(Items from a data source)
==============================
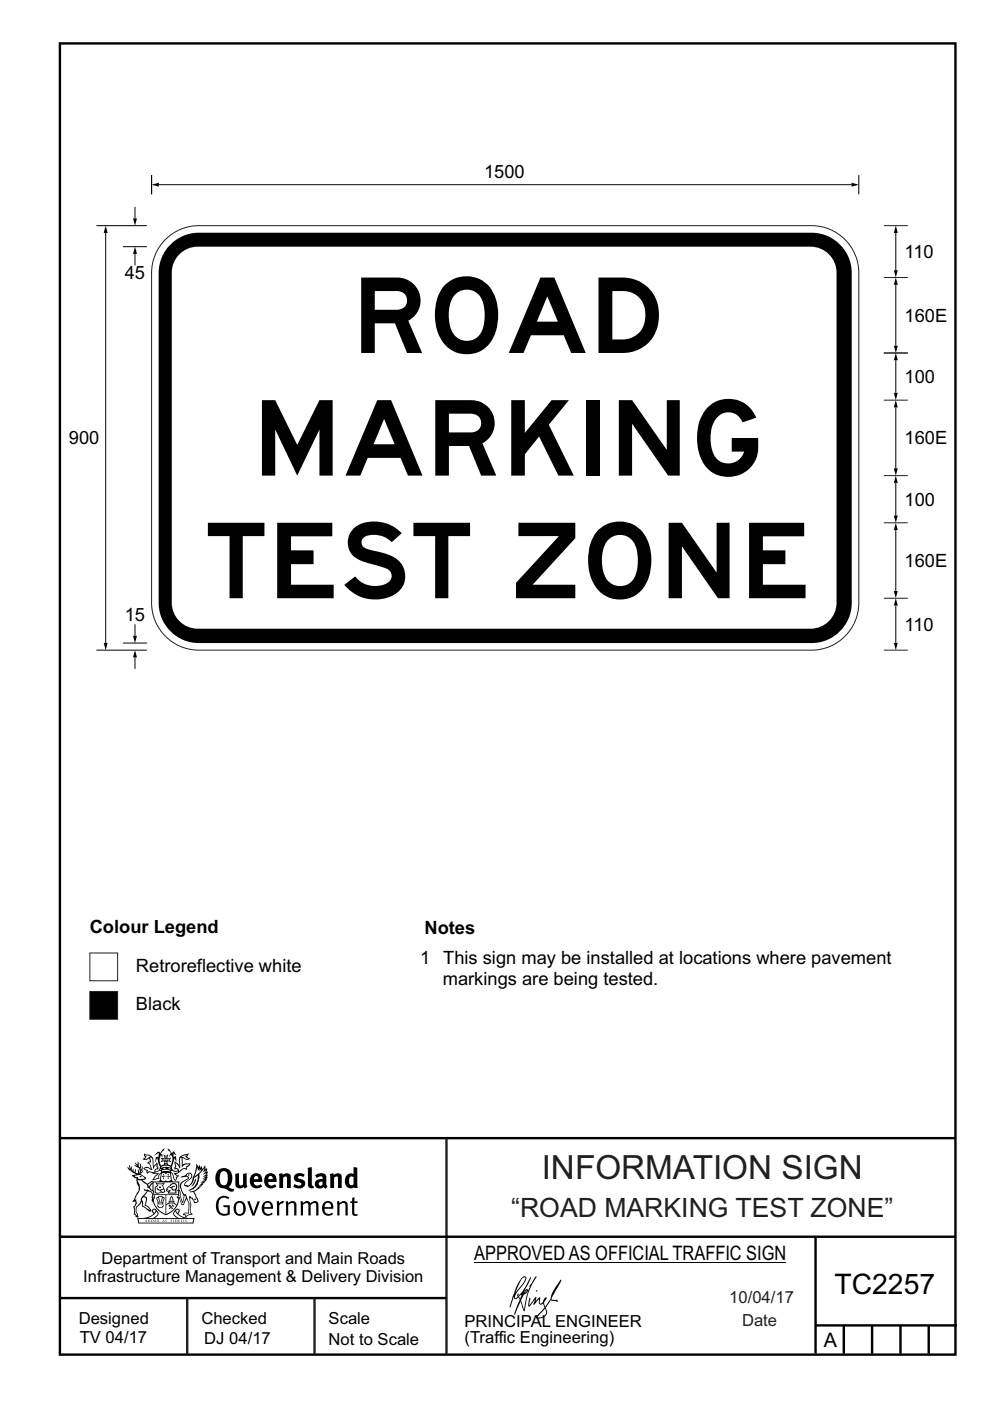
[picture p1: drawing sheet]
<svg xmlns="http://www.w3.org/2000/svg" width="210mm" height="297mm" viewBox="0 0 210 297" stroke-linecap="round" stroke-linejoin="round" font-family="sans-serif">
<path d="M12.7 9.2h190v278h-190zM12.7 241.3h189.9M12.7 275.2h82M12.7 262.2h190.1M173 262.2v24.8M173 281h30M179 281v6M185 281v6M191 281v6M197 281v6" fill="none" stroke="#000" stroke-width=".51"/>
<path d="M94.7 241.4v45.8M39.7 275.2v12M66.7 275.2v12" fill="none" stroke="#231f20" stroke-width=".51"/>
<g fill="#000">
<path d="M29.5 249.5l.3-.2 .3 .3z" fill-rule="evenodd"/>
<path d="M30.8 244.9l1.1 .3-.9 .5h-.4l.5-.5zM31.8 245.5l.2-.1a2.44 2.44 0 0 1 .4 2l.1 .4 .7-1-.1 .6 .3 .3a.57 .57 0 0 0-.6 .8l-1-.2-.5 .2 .1-.5-.7-.2 .6-.2 1 .5 .1-.1-.6-1.3-.2-.1 .5-.1zM30.7 244.5l-.2 .4 .3 .4-.6 .4a1.04 1.04 0 0 0 1.4-.1l.2 .7h-.4l-.2 .4a.94 .94 0 0 1 .9 1.1l-.2-.1a1.16 1.16 0 0 0-1.5-.1l.3 .4 .4 .2 .1 .5 .2 .2v-.2a.94 .94 0 0 1 1.1 .2h.9l-1.2 1.2a1.13 1.13 0 0 0 1.2-.2l.4-.1-.1-.4 .5-.7a.83 .83 0 0 0-.6 1.1l-.3-.1-.7 .3 1.1-1.4-.5 .2-.5-.1 1.3-.5-.2-.2-.8 .4v-.3l.2-.2 .3 .1 .1-.3-.2-.4v-.6l-.2-.3-.6 .9v-.7a1.42 1.42 0 0 0-1.7-1.8z" fill-rule="evenodd"/>
<path d="M31 258.7l.1 .2h-.2zM31 258.6l-.3 .5 .4-.1 .2 .1z" fill-rule="evenodd"/>
<path d="M31.3 258.6h.2v.4a.25 .25 0 0 0 .3-.1 .25 .25 0 0 0-.1-.3h.1a.29 .29 0 0 1 0 .4 .29 .29 0 0 1-.4 0 .29 .29 0 0 1 0-.4z" fill-rule="evenodd"/>
<path d="M32.2 258.6a.22 .22 0 0 1 .3 .2 .22 .22 0 0 1-.3 .2zM32 258.6v.5a.33 .33 0 0 0 .5-.1 .33 .33 0 0 0 0-.4 .33 .33 0 0 0-.5 0z" fill-rule="evenodd"/>
<path d="M29.2 250.1l.3 .2a.61 .61 0 0 1 .8 .3l.3 .2a.8 .8 0 0 1 .6 1l.4 .1 .5 .6a1 1 0 0 1 .5 1l-.1 .7v-.5h-.1a.96 .96 0 0 0-.8-1.3l-.3-.2h-.6l-.1-.1-.2 .1 .2 .3h.5l-1.1 1.4-.2 .9-.4 .6a1.33 1.33 0 0 0-.5 1.8l.2 .5a1.26 1.26 0 0 1-.5-1.4l-.1-.4a1.56 1.56 0 0 0 .4-1.7l-.3 .2 .2-.5a3.2 3.2 0 0 0 .7-3zM30.4 253.9h.4a2.06 2.06 0 0 1-.1 1.6l.7 .5 .4 .5-.6-.2-.8-.6-.1-.9a.51 .51 0 0 1 .1-.9zM28.6 249.3a1.52 1.52 0 0 1 2.1 .6l-1.1 .1-.2-.1-.2-.4-.4 .1zM27.5 247v.8l-.3-.4-.2 .1a3.1 3.1 0 0 0 2 1.5l-1 .1 .5 .6 .5 .1v1.1a1.84 1.84 0 0 1-.2 2.5l-.4 .9-.4 .4 .3 .1 .4-.1 .1 .4-.2 .5-.3 .2 .1 1.8 .2-.1 .2 .6h.2l.4-.1-.1-.5a1.3 1.3 0 0 1-.1-1.6l.8-1.1 .2 1.1 .6 .2 .4 .6 .2-.2 .2 .4 .5-.1a1.85 1.85 0 0 0-1.2-1.3l.1-.3a1.39 1.39 0 0 0 0-1.5h-.5l.5-.6a.66 .66 0 0 1 .9-.4 .66 .66 0 0 1 .3 .9l-.1 .4h.2v.1l-.2 .3 .2 .5 .2-.3a2.24 2.24 0 0 0 .1-2.2 .73 .73 0 0 1-.7-.6 .73 .73 0 0 1 .5-.8l.1-.2a.94 .94 0 0 0-.9 .8 .48 .48 0 0 1-.1-.5 .48 .48 0 0 1 .5-.3l.5-.3a.51 .51 0 0 0-.8 .2l-.5 .3-1-.8 .6-.1 .1-.5-1.1-.7 .5-.4v-.4l-.5 .5 .1-.2a.69 .69 0 0 0 .2-1.1v.5l-.3 .2 .1-1.1-.3-.2 .1 .6-.1 .2-.4-1.2v.6l-.7-.3 .6 .6-.6-.2 .2 .3a1 1 0 0 1 .8 1.5l-.2-.8v.8l-.5-.2-.1-.7-.2 .6-.2-.1v-.6l-.2 .4-.2-.2 .1-.7-.2 .5z" fill-rule="evenodd"/>
<path d="M32.9 258.7l.1 .2h-.2zM32.9 258.6l-.2 .5 .3-.1 .2 .1z" fill-rule="evenodd"/>
<path d="M33.6 251.6h.5l.1 .3h-.4z" fill-rule="evenodd"/>
<path d="M33.3 258.6h.2v.2l.3-.2-.2 .2 .2 .3-.3-.2-.1 .2h-.1l.2-.3z" fill-rule="evenodd"/>
<path d="M34.7 258.7l.1 .2h-.2zM34.7 258.6l-.3 .5 .4-.1 .2 .1z" fill-rule="evenodd"/>
<path d="M34.2 252.4a.3 .3 0 0 0 .6 0 .3 .3 0 0 0-.6 0zM33.3 251l.3 .3-.3 .3a.79 .79 0 0 0 0 1.3l.8-.2-.1-.3a.55 .55 0 0 1-.7-.6h.1l.1 .3 .4 .1 .8-.2-.4-.7 .4-.3-.7 .1zM33 250.7l1.1 .2 .9-.2-.4 .7 .4 1.1a.56 .56 0 0 1-.8 .3l-.2 .1a.73 .73 0 0 1-.9 .1 .73 .73 0 0 1-.3-.9v-.4l.5-.4z" fill-rule="evenodd"/>
<path d="M34.5 254h.2v.2l-.3 .6h-.1zM33.6 255.3h.9v.2a.55 .55 0 0 1-.8 .4v-.2h-.2zM33.4 254h.2l.2 .8h-.2zM33.6 255h.8l.1 .1-.8 .1zM33.8 253.7h.5l-.2 1.1h-.2zM33.3 253.8l-.1 .3 .3 1.2a.48 .48 0 0 0-.1 .5 .48 .48 0 0 0 .4 .3l.6-.1a.49 .49 0 0 0 .2-.7l.3-1.2-.1-.3a1.42 1.42 0 0 0-1.5 0z" fill-rule="evenodd"/>
<path d="M34.6 248.9l.2 .1-.1 .3 .4 .1h-.4v.6l-.1-.5-.3-.1h.3z" fill-rule="evenodd"/>
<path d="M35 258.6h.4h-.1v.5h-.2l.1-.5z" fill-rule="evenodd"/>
==============================
▶ WHAT YOU HAVE TO DO: Each line above that includes "none" should be shown.

▶ EXERCISE ANSWER:
<path d="M12.7 9.2h190v278h-190zM12.7 241.3h189.9M12.7 275.2h82M12.7 262.2h190.1M173 262.2v24.8M173 281h30M179 281v6M185 281v6M191 281v6M197 281v6" fill="none" stroke="#000" stroke-width=".51"/>
<path d="M94.7 241.4v45.8M39.7 275.2v12M66.7 275.2v12" fill="none" stroke="#231f20" stroke-width=".51"/>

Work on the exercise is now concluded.